Are you suggesting I maybe remove the frontosa and the Lake George fish...the yellow belly alberts?
I do have 3 venustus and will rehome 2 of them as they grow
Now that I have Multiple Tank Syndrome, I am already thinking about a separate Lake Tanganyka tank for the Frontosa...possibly

so far my OB Peacock is really nicely coloured as well as my German Red Peacock...most of the other fish are still small and not much colour


----------



## Floridagirl (Jan 10, 2008)

Things I can see happening...
1. Fronts get nipped picked on, or eat smaller fish. (Species tank would be best)
2. Random assortment of fish provides too many males and not enough females to form breeding groups Extra males fight and females are harassed to death.
3. Hybrid babies from such unions.
4. Yellow Belly Alberts could go either way. I've not kept them, but understand that they are not overly energetic, like Malawi fish. They may be able to hold their own.

Possible Solutions..
1. An all male tank, rehome all females. Keep a male Front and hope he doesn't eat the smaller fish, or rehome all the Fronts.
2. Pick 3-5 species of fish that you love in the tank, and form breeding groups. 1m to 4-6 females.

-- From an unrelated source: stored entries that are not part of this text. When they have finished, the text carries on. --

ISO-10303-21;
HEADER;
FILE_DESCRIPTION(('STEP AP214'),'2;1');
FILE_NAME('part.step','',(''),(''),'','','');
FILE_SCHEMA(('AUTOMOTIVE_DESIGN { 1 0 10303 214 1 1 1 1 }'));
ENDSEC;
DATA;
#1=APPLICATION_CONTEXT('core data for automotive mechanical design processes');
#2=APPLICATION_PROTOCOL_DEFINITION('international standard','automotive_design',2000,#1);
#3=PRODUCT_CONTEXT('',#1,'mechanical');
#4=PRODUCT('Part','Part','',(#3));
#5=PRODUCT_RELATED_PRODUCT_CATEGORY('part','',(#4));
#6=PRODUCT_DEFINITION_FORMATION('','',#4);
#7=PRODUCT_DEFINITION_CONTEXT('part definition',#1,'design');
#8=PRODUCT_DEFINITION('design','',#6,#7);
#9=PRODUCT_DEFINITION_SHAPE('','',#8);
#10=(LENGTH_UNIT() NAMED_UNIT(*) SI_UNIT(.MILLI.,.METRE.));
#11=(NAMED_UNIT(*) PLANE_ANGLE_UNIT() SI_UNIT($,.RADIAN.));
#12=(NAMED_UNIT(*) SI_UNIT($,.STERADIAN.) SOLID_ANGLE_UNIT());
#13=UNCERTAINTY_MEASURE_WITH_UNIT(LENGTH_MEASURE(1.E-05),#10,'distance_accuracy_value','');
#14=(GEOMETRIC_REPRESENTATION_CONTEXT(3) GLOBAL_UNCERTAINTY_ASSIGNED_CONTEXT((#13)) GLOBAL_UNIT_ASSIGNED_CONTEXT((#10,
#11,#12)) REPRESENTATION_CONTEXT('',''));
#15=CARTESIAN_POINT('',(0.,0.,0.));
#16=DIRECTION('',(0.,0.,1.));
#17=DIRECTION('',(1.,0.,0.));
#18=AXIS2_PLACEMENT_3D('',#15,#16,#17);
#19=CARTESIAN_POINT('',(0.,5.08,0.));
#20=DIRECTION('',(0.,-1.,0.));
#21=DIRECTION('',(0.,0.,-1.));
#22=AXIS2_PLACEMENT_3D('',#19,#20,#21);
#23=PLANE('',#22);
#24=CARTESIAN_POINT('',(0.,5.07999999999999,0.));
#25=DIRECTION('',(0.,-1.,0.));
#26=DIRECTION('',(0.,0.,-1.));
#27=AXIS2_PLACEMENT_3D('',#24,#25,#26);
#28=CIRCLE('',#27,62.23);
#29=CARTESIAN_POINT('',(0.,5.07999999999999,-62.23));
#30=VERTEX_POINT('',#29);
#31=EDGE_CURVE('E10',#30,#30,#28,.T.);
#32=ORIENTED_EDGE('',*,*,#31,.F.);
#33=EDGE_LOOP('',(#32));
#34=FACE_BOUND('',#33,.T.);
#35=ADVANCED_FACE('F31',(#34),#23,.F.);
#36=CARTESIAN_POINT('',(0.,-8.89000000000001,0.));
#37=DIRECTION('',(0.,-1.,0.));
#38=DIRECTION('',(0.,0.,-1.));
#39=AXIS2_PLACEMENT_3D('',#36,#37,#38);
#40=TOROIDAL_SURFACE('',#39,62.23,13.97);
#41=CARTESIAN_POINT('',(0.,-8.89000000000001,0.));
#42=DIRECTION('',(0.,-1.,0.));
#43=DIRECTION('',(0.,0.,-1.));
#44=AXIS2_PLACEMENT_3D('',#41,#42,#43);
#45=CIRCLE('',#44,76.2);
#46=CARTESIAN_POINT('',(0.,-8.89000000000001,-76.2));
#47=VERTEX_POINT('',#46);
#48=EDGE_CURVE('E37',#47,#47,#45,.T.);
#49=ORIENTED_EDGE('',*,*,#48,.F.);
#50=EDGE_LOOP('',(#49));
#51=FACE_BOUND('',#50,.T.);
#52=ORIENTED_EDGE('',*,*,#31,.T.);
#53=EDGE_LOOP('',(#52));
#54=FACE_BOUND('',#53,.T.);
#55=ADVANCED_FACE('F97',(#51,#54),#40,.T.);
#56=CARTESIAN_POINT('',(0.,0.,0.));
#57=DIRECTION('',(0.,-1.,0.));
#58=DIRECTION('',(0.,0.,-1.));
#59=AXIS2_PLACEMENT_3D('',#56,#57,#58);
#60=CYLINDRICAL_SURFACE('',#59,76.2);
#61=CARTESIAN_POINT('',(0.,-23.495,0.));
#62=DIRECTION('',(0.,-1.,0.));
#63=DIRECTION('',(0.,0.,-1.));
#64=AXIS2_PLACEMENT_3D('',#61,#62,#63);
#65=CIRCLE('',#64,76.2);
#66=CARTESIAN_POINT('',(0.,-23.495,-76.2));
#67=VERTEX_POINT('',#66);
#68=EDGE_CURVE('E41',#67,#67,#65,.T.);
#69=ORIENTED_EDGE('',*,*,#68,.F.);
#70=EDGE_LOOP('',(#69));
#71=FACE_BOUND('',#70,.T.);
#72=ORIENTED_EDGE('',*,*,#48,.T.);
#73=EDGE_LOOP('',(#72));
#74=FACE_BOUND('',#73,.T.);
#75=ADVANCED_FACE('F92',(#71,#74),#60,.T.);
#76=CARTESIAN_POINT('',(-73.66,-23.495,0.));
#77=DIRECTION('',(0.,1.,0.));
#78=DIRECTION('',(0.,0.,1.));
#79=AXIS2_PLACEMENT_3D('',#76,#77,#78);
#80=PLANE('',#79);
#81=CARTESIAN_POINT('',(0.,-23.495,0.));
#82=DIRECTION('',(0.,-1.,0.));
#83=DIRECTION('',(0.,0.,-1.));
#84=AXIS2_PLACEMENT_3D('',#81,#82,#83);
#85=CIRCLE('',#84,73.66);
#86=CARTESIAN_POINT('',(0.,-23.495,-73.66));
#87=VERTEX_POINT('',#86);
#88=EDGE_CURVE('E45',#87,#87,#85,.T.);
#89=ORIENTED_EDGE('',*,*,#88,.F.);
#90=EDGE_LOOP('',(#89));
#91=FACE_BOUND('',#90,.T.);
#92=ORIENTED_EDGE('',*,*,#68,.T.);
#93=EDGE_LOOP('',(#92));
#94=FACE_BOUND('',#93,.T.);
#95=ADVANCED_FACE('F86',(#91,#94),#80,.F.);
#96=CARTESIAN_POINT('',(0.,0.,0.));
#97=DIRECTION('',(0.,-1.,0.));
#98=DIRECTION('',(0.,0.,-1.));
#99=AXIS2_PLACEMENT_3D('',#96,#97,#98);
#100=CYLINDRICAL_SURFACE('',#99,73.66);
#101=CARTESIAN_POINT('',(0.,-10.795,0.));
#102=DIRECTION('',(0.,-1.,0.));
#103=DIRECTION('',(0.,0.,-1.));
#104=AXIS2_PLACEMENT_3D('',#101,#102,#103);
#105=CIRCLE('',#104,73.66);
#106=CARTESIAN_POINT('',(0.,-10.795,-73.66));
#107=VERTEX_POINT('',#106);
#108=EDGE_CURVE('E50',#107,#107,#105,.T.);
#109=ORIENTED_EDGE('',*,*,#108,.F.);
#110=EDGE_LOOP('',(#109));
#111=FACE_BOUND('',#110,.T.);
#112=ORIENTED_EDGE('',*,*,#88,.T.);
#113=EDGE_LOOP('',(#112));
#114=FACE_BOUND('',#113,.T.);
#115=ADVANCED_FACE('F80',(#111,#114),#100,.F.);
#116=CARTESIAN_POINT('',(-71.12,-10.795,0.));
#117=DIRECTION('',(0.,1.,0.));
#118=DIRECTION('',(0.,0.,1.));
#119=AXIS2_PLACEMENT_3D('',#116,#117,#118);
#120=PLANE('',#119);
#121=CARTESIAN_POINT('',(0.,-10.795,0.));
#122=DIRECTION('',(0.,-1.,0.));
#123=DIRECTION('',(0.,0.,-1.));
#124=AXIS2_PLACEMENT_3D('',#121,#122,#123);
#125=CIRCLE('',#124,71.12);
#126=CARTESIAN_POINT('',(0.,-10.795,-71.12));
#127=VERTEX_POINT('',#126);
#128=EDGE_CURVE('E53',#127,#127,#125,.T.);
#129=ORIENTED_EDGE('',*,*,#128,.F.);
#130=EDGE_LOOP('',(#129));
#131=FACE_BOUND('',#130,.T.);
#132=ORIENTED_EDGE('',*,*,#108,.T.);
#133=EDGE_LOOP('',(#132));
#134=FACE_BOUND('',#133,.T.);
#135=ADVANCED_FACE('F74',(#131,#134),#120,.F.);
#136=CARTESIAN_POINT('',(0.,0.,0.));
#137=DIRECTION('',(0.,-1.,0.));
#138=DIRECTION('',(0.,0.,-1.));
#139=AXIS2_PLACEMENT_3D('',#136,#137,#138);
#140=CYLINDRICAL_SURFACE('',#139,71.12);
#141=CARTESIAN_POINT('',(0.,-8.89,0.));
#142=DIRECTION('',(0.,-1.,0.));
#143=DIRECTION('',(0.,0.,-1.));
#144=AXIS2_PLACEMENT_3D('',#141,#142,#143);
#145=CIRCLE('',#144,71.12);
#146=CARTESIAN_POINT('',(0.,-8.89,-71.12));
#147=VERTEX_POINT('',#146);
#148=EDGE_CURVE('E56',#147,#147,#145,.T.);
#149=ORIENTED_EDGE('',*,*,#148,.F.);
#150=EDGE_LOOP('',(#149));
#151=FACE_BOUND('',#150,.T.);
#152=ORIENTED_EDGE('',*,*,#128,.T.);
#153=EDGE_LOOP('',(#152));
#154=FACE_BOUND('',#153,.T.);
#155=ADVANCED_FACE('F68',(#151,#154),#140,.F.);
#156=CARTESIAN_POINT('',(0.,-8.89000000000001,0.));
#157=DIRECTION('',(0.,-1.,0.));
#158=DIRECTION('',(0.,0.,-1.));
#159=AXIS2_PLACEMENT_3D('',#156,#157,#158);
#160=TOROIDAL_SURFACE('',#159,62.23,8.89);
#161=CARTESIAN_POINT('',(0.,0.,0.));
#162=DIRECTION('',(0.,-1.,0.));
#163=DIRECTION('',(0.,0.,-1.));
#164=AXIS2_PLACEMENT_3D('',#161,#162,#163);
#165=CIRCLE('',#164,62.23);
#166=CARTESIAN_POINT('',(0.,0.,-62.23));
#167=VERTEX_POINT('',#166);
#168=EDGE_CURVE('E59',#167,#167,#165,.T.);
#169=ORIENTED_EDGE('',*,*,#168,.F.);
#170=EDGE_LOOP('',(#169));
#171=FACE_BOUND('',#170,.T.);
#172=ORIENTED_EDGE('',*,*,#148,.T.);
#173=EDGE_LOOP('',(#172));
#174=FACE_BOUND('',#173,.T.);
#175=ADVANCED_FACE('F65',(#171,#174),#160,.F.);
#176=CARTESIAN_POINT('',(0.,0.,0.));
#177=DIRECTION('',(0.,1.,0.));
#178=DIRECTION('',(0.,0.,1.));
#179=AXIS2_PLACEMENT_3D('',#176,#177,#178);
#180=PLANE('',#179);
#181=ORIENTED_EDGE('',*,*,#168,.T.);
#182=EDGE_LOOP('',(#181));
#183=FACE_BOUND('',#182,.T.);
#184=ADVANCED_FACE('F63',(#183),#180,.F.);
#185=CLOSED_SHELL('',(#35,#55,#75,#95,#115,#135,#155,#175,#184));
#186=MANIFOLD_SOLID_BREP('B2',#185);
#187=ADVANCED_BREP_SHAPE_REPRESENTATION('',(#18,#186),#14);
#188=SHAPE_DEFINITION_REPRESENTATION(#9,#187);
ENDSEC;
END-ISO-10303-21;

Bigger fish 3 species(15 fish), mix of species 4 species( 20-25 fish), 5-6" fish, 5 species (30ish fish)


----------



## plug (Nov 10, 2013)

You offer some interesting insights obviously from your wealth of experience and knowledge
I will take all into consideration as I am by far no expert

My initial plan was to have all male tank, and from I have been told, all my Peacocks are males, but as for the other fish, it is hard to tell

Obviously my tank will be a work in progress as I continue to fine tune it taking all suggestions given and working from there


----------



## Floridagirl (Jan 10, 2008)

I's all trial an error. I have made many mistakes along the way, and continue to do so. I have seen tanks that I was skeptical about do fine, and tanks that should be foolproof, fail. It's just best to know how they should act and be prepared. But, as I am fond of saying, "Fish don't read their profiles!"


----------



## DJRansome (Oct 29, 2005)

I'd shoot for 25 fish (mixed genders) or 18 fish (all male) in a 125G depending on the species. When I tried mixing Tangs with Malawi peacocks and haps it didn't work well (leleupi, trets, calvus). Same with mixing Victorians with peacocks and haps (flamebacks, nyererei). No one died but the fish from the non-Malawi lake did better in species tanks or community tanks with others of their same Lake. Just my experience.


----------